_Assignment_
What you return must be an exact copy of the lines in the listing below between the line holding "#98=VERTEX_POINT('',#97);" and the line holding "#142=LINE('',#141,#140);", inclusive, and nothing more.

=== Begin Enclosure ===

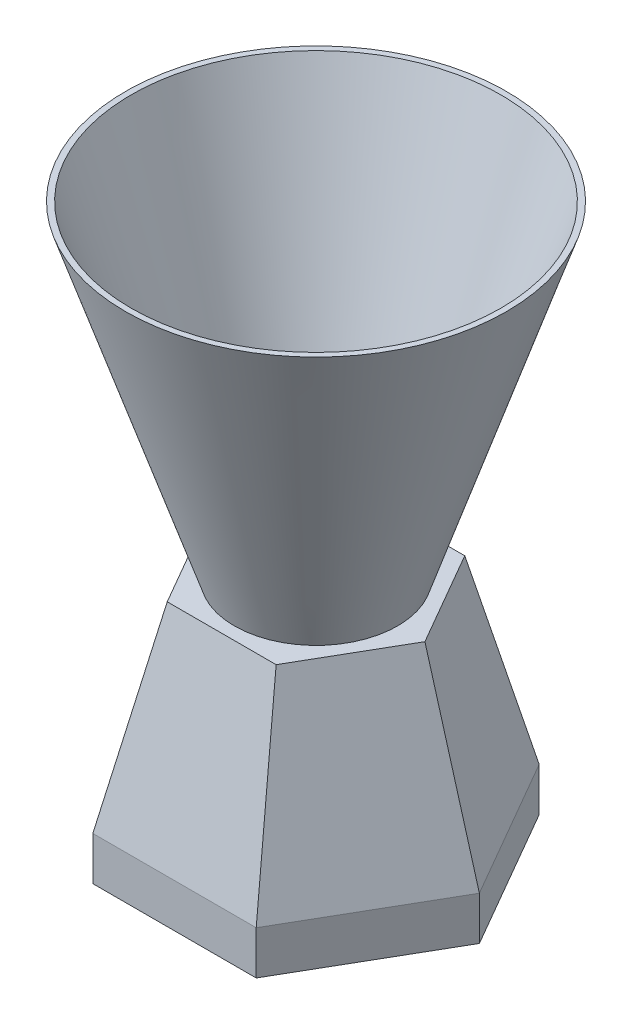
ISO-10303-21;
HEADER;
FILE_DESCRIPTION(('STEP AP214'),'2;1');
FILE_NAME('part.step','',(''),(''),'','','');
FILE_SCHEMA(('AUTOMOTIVE_DESIGN { 1 0 10303 214 1 1 1 1 }'));
ENDSEC;
DATA;
#1=APPLICATION_CONTEXT('core data for automotive mechanical design processes');
#2=APPLICATION_PROTOCOL_DEFINITION('international standard','automotive_design',2000,#1);
#3=PRODUCT_CONTEXT('',#1,'mechanical');
#4=PRODUCT('Part','Part','',(#3));
#5=PRODUCT_RELATED_PRODUCT_CATEGORY('part','',(#4));
#6=PRODUCT_DEFINITION_FORMATION('','',#4);
#7=PRODUCT_DEFINITION_CONTEXT('part definition',#1,'design');
#8=PRODUCT_DEFINITION('design','',#6,#7);
#9=PRODUCT_DEFINITION_SHAPE('','',#8);
#10=(LENGTH_UNIT() NAMED_UNIT(*) SI_UNIT(.MILLI.,.METRE.));
#11=(NAMED_UNIT(*) PLANE_ANGLE_UNIT() SI_UNIT($,.RADIAN.));
#12=(NAMED_UNIT(*) SI_UNIT($,.STERADIAN.) SOLID_ANGLE_UNIT());
#13=UNCERTAINTY_MEASURE_WITH_UNIT(LENGTH_MEASURE(1.E-05),#10,'distance_accuracy_value','');
#14=(GEOMETRIC_REPRESENTATION_CONTEXT(3) GLOBAL_UNCERTAINTY_ASSIGNED_CONTEXT((#13)) GLOBAL_UNIT_ASSIGNED_CONTEXT((#10,
#11,#12)) REPRESENTATION_CONTEXT('',''));
#15=CARTESIAN_POINT('',(0.,0.,0.));
#16=DIRECTION('',(0.,0.,1.));
#17=DIRECTION('',(1.,0.,0.));
#18=AXIS2_PLACEMENT_3D('',#15,#16,#17);
#19=CARTESIAN_POINT('',(-20.,43.,0.));
#20=DIRECTION('',(0.,1.,0.));
#21=DIRECTION('',(0.,0.,1.));
#22=AXIS2_PLACEMENT_3D('',#19,#20,#21);
#23=PLANE('',#22);
#24=CARTESIAN_POINT('',(0.,43.,0.));
#25=DIRECTION('',(0.,1.,0.));
#26=DIRECTION('',(0.,0.,1.));
#27=AXIS2_PLACEMENT_3D('',#24,#25,#26);
#28=CIRCLE('',#27,15.);
#29=CARTESIAN_POINT('',(0.,43.,15.));
#30=VERTEX_POINT('',#29);
#31=EDGE_CURVE('E12',#30,#30,#28,.T.);
#32=ORIENTED_EDGE('',*,*,#31,.F.);
#33=EDGE_LOOP('',(#32));
#34=FACE_BOUND('',#33,.T.);
#35=DIRECTION('',(-0.499999999999999,0.,0.866025403784439));
#36=VECTOR('',#35,1.);
#37=CARTESIAN_POINT('',(-10.,43.,-17.3205080756888));
#38=LINE('',#37,#36);
#39=CARTESIAN_POINT('',(-10.,43.,-17.3205080756888));
#40=VERTEX_POINT('',#39);
#41=CARTESIAN_POINT('',(-20.,43.,0.));
#42=VERTEX_POINT('',#41);
#43=EDGE_CURVE('E152',#40,#42,#38,.T.);
#44=ORIENTED_EDGE('',*,*,#43,.T.);
#45=DIRECTION('',(0.5,0.,0.866025403784439));
#46=VECTOR('',#45,1.);
#47=CARTESIAN_POINT('',(-20.,43.,0.));
#48=LINE('',#47,#46);
#49=CARTESIAN_POINT('',(-9.99999999999999,43.,17.3205080756888));
#50=VERTEX_POINT('',#49);
#51=EDGE_CURVE('E136',#42,#50,#48,.T.);
#52=ORIENTED_EDGE('',*,*,#51,.T.);
#53=DIRECTION('',(1.,0.,0.));
#54=VECTOR('',#53,1.);
#55=CARTESIAN_POINT('',(-9.99999999999999,43.,17.3205080756888));
#56=LINE('',#55,#54);
#57=CARTESIAN_POINT('',(10.,43.,17.3205080756888));
#58=VERTEX_POINT('',#57);
#59=EDGE_CURVE('E123',#50,#58,#56,.T.);
#60=ORIENTED_EDGE('',*,*,#59,.T.);
#61=DIRECTION('',(0.5,0.,-0.866025403784439));
#62=VECTOR('',#61,1.);
#63=CARTESIAN_POINT('',(10.,43.,17.3205080756888));
#64=LINE('',#63,#62);
#65=CARTESIAN_POINT('',(20.,43.,0.));
#66=VERTEX_POINT('',#65);
#67=EDGE_CURVE('E135',#58,#66,#64,.T.);
#68=ORIENTED_EDGE('',*,*,#67,.T.);
#69=DIRECTION('',(-0.5,0.,-0.866025403784439));
#70=VECTOR('',#69,1.);
#71=CARTESIAN_POINT('',(20.,43.,0.));
#72=LINE('',#71,#70);
#73=CARTESIAN_POINT('',(10.,43.,-17.3205080756888));
#74=VERTEX_POINT('',#73);
#75=EDGE_CURVE('E210',#66,#74,#72,.T.);
#76=ORIENTED_EDGE('',*,*,#75,.T.);
#77=DIRECTION('',(-1.,0.,0.));
#78=VECTOR('',#77,1.);
#79=CARTESIAN_POINT('',(10.,43.,-17.3205080756888));
#80=LINE('',#79,#78);
#81=EDGE_CURVE('E257',#74,#40,#80,.T.);
#82=ORIENTED_EDGE('',*,*,#81,.T.);
#83=EDGE_LOOP('',(#44,#52,#60,#68,#76,#82));
#84=FACE_BOUND('',#83,.T.);
#85=ADVANCED_FACE('F45',(#34,#84),#23,.T.);
#86=CARTESIAN_POINT('',(15.,8.,25.9807621135332));
#87=DIRECTION('',(-0.866025403784439,0.,-0.499999999999999));
#88=DIRECTION('',(-0.5,0.,0.866025403784439));
#89=AXIS2_PLACEMENT_3D('',#86,#87,#88);
#90=PLANE('',#89);
#91=DIRECTION('',(0.499999999999999,0.,-0.866025403784439));
#92=VECTOR('',#91,1.);
#93=CARTESIAN_POINT('',(15.,0.,25.9807621135332));
#94=LINE('',#93,#92);
#95=CARTESIAN_POINT('',(15.,0.,25.9807621135332));
#96=VERTEX_POINT('',#95);
#97=CARTESIAN_POINT('',(30.,0.,0.));
#98=VERTEX_POINT('',#97);
#99=EDGE_CURVE('E147',#96,#98,#94,.T.);
#100=ORIENTED_EDGE('',*,*,#99,.T.);
#101=DIRECTION('',(0.,-1.,0.));
#102=VECTOR('',#101,1.);
#103=CARTESIAN_POINT('',(30.,8.,0.));
#104=LINE('',#103,#102);
#105=CARTESIAN_POINT('',(30.,7.99999999999997,0.));
#106=VERTEX_POINT('',#105);
#107=EDGE_CURVE('E332',#106,#98,#104,.T.);
#108=ORIENTED_EDGE('',*,*,#107,.F.);
#109=DIRECTION('',(-0.5,0.,0.866025403784439));
#110=VECTOR('',#109,1.);
#111=CARTESIAN_POINT('',(27.5,7.99999999999997,4.33012701892219));
#112=LINE('',#111,#110);
#113=CARTESIAN_POINT('',(15.0000000000002,7.99999999999994,25.9807621135331));
#114=VERTEX_POINT('',#113);
#115=EDGE_CURVE('E328',#114,#106,#112,.F.);
#116=ORIENTED_EDGE('',*,*,#115,.F.);
#117=DIRECTION('',(0.,-1.,0.));
#118=VECTOR('',#117,1.);
#119=CARTESIAN_POINT('',(15.,8.,25.9807621135332));
#120=LINE('',#119,#118);
#121=EDGE_CURVE('E344',#114,#96,#120,.T.);
#122=ORIENTED_EDGE('',*,*,#121,.T.);
#123=EDGE_LOOP('',(#100,#108,#116,#122));
#124=FACE_BOUND('',#123,.T.);
#125=ADVANCED_FACE('F47',(#124),#90,.F.);
#126=CARTESIAN_POINT('',(30.,8.,0.));
#127=DIRECTION('',(-0.866025403784439,0.,0.5));
#128=DIRECTION('',(0.5,0.,0.866025403784439));
#129=AXIS2_PLACEMENT_3D('',#126,#127,#128);
#130=PLANE('',#129);
#131=DIRECTION('',(-0.5,0.,-0.866025403784439));
#132=VECTOR('',#131,1.);
#133=CARTESIAN_POINT('',(30.,0.,0.));
#134=LINE('',#133,#132);
#135=CARTESIAN_POINT('',(15.,0.,-25.9807621135332));
#136=VERTEX_POINT('',#135);
#137=EDGE_CURVE('E367',#98,#136,#134,.T.);
#138=ORIENTED_EDGE('',*,*,#137,.T.);
#139=DIRECTION('',(0.,-1.,0.));
#140=VECTOR('',#139,1.);
#141=CARTESIAN_POINT('',(15.,8.,-25.9807621135332));
#142=LINE('',#141,#140);
#143=CARTESIAN_POINT('',(15.,7.99999999999999,-25.9807621135331));
#144=VERTEX_POINT('',#143);
#145=EDGE_CURVE('E335',#144,#136,#142,.T.);
#146=ORIENTED_EDGE('',*,*,#145,.F.);
#147=DIRECTION('',(0.5,0.,0.866025403784439));
#148=VECTOR('',#147,1.);
#149=CARTESIAN_POINT('',(17.5,8.,-21.6506350946109));
#150=LINE('',#149,#148);
#151=EDGE_CURVE('E79',#106,#144,#150,.F.);
#152=ORIENTED_EDGE('',*,*,#151,.F.);
#153=ORIENTED_EDGE('',*,*,#107,.T.);
#154=EDGE_LOOP('',(#138,#146,#152,#153));
#155=FACE_BOUND('',#154,.T.);
#156=ADVANCED_FACE('F378',(#155),#130,.F.);
#157=CARTESIAN_POINT('',(15.,8.,-25.9807621135332));
#158=DIRECTION('',(0.,0.,1.));
#159=DIRECTION('',(1.,0.,0.));
#160=AXIS2_PLACEMENT_3D('',#157,#158,#159);
#161=PLANE('',#160);
#162=DIRECTION('',(-1.,0.,0.));
#163=VECTOR('',#162,1.);
#164=CARTESIAN_POINT('',(15.,0.,-25.9807621135332));
#165=LINE('',#164,#163);
#166=CARTESIAN_POINT('',(-15.,0.,-25.9807621135332));
#167=VERTEX_POINT('',#166);
#168=EDGE_CURVE('E364',#136,#167,#165,.T.);
#169=ORIENTED_EDGE('',*,*,#168,.T.);
#170=DIRECTION('',(0.,-1.,0.));
#171=VECTOR('',#170,1.);
#172=CARTESIAN_POINT('',(-15.,8.,-25.9807621135332));
#173=LINE('',#172,#171);
#174=CARTESIAN_POINT('',(-15.,7.99999999999997,-25.9807621135331));
#175=VERTEX_POINT('',#174);
#176=EDGE_CURVE('E338',#175,#167,#173,.T.);
#177=ORIENTED_EDGE('',*,*,#176,.F.);
#178=DIRECTION('',(1.,0.,0.));
#179=VECTOR('',#178,1.);
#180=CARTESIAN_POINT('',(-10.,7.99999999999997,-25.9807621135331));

=== End Enclosure ===

_Result of this task_
#98=VERTEX_POINT('',#97);
#99=EDGE_CURVE('E147',#96,#98,#94,.T.);
#100=ORIENTED_EDGE('',*,*,#99,.T.);
#101=DIRECTION('',(0.,-1.,0.));
#102=VECTOR('',#101,1.);
#103=CARTESIAN_POINT('',(30.,8.,0.));
#104=LINE('',#103,#102);
#105=CARTESIAN_POINT('',(30.,7.99999999999997,0.));
#106=VERTEX_POINT('',#105);
#107=EDGE_CURVE('E332',#106,#98,#104,.T.);
#108=ORIENTED_EDGE('',*,*,#107,.F.);
#109=DIRECTION('',(-0.5,0.,0.866025403784439));
#110=VECTOR('',#109,1.);
#111=CARTESIAN_POINT('',(27.5,7.99999999999997,4.33012701892219));
#112=LINE('',#111,#110);
#113=CARTESIAN_POINT('',(15.0000000000002,7.99999999999994,25.9807621135331));
#114=VERTEX_POINT('',#113);
#115=EDGE_CURVE('E328',#114,#106,#112,.F.);
#116=ORIENTED_EDGE('',*,*,#115,.F.);
#117=DIRECTION('',(0.,-1.,0.));
#118=VECTOR('',#117,1.);
#119=CARTESIAN_POINT('',(15.,8.,25.9807621135332));
#120=LINE('',#119,#118);
#121=EDGE_CURVE('E344',#114,#96,#120,.T.);
#122=ORIENTED_EDGE('',*,*,#121,.T.);
#123=EDGE_LOOP('',(#100,#108,#116,#122));
#124=FACE_BOUND('',#123,.T.);
#125=ADVANCED_FACE('F47',(#124),#90,.F.);
#126=CARTESIAN_POINT('',(30.,8.,0.));
#127=DIRECTION('',(-0.866025403784439,0.,0.5));
#128=DIRECTION('',(0.5,0.,0.866025403784439));
#129=AXIS2_PLACEMENT_3D('',#126,#127,#128);
#130=PLANE('',#129);
#131=DIRECTION('',(-0.5,0.,-0.866025403784439));
#132=VECTOR('',#131,1.);
#133=CARTESIAN_POINT('',(30.,0.,0.));
#134=LINE('',#133,#132);
#135=CARTESIAN_POINT('',(15.,0.,-25.9807621135332));
#136=VERTEX_POINT('',#135);
#137=EDGE_CURVE('E367',#98,#136,#134,.T.);
#138=ORIENTED_EDGE('',*,*,#137,.T.);
#139=DIRECTION('',(0.,-1.,0.));
#140=VECTOR('',#139,1.);
#141=CARTESIAN_POINT('',(15.,8.,-25.9807621135332));
#142=LINE('',#141,#140);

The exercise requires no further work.